▸ Extracted data entries:
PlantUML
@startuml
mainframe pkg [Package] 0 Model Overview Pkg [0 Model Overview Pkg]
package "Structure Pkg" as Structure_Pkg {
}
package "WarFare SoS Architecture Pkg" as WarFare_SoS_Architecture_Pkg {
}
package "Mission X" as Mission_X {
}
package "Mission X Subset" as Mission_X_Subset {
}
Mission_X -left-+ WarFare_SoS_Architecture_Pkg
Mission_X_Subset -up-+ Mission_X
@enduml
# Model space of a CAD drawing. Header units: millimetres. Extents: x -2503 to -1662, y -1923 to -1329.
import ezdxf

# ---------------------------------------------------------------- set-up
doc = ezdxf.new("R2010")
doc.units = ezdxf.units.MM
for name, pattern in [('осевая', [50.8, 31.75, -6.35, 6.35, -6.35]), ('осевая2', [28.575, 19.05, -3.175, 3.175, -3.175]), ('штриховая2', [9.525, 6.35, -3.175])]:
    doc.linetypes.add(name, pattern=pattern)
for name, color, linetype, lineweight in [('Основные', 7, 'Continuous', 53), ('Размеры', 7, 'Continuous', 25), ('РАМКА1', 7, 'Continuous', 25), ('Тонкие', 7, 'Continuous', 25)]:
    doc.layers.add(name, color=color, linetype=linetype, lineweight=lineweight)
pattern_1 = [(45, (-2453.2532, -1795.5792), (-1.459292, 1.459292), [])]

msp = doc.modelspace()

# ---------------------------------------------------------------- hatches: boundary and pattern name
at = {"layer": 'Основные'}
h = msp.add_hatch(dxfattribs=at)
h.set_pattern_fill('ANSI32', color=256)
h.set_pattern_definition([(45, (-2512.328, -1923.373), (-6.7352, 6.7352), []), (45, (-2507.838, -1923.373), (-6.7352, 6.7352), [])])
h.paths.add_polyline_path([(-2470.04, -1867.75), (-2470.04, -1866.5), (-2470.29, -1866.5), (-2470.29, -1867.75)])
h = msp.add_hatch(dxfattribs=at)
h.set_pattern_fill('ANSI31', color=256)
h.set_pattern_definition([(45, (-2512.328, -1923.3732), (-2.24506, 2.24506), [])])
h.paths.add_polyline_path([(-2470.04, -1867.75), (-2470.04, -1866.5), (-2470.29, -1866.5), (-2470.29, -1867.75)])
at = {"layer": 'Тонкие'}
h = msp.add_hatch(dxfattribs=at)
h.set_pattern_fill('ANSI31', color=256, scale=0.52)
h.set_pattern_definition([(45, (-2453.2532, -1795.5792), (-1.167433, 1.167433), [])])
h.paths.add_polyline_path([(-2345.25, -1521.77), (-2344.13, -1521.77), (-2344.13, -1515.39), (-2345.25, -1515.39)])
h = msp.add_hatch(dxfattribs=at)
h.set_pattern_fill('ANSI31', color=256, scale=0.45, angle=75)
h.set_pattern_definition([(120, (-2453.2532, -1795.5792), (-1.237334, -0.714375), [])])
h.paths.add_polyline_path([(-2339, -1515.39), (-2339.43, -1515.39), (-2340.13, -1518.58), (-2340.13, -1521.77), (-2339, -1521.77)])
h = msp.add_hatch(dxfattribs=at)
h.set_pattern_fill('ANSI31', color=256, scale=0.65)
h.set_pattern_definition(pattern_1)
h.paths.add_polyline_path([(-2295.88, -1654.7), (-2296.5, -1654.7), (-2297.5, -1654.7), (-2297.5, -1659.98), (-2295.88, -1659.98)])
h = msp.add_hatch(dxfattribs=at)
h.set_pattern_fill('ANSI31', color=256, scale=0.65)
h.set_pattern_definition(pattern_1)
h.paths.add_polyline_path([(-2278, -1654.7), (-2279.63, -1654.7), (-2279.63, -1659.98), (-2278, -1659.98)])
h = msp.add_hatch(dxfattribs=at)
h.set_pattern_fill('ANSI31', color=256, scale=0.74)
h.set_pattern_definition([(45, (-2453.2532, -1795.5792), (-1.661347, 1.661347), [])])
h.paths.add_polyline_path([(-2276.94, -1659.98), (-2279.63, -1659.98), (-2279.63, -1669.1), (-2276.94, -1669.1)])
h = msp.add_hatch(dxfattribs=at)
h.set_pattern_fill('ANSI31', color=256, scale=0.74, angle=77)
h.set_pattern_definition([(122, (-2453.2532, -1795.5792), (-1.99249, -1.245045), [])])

▸ ABOUT THIS EXERCISE: Filter the data above down to lines with the word "name", and copy them.

▸ OUTPUT FOR THIS EXERCISE:
for name, pattern in [('осевая', [50.8, 31.75, -6.35, 6.35, -6.35]), ('осевая2', [28.575, 19.05, -3.175, 3.175, -3.175]), ('штриховая2', [9.525, 6.35, -3.175])]:
    doc.linetypes.add(name, pattern=pattern)
for name, color, linetype, lineweight in [('Основные', 7, 'Continuous', 53), ('Размеры', 7, 'Continuous', 25), ('РАМКА1', 7, 'Continuous', 25), ('Тонкие', 7, 'Continuous', 25)]:
    doc.layers.add(name, color=color, linetype=linetype, lineweight=lineweight)
# ---------------------------------------------------------------- hatches: boundary and pattern name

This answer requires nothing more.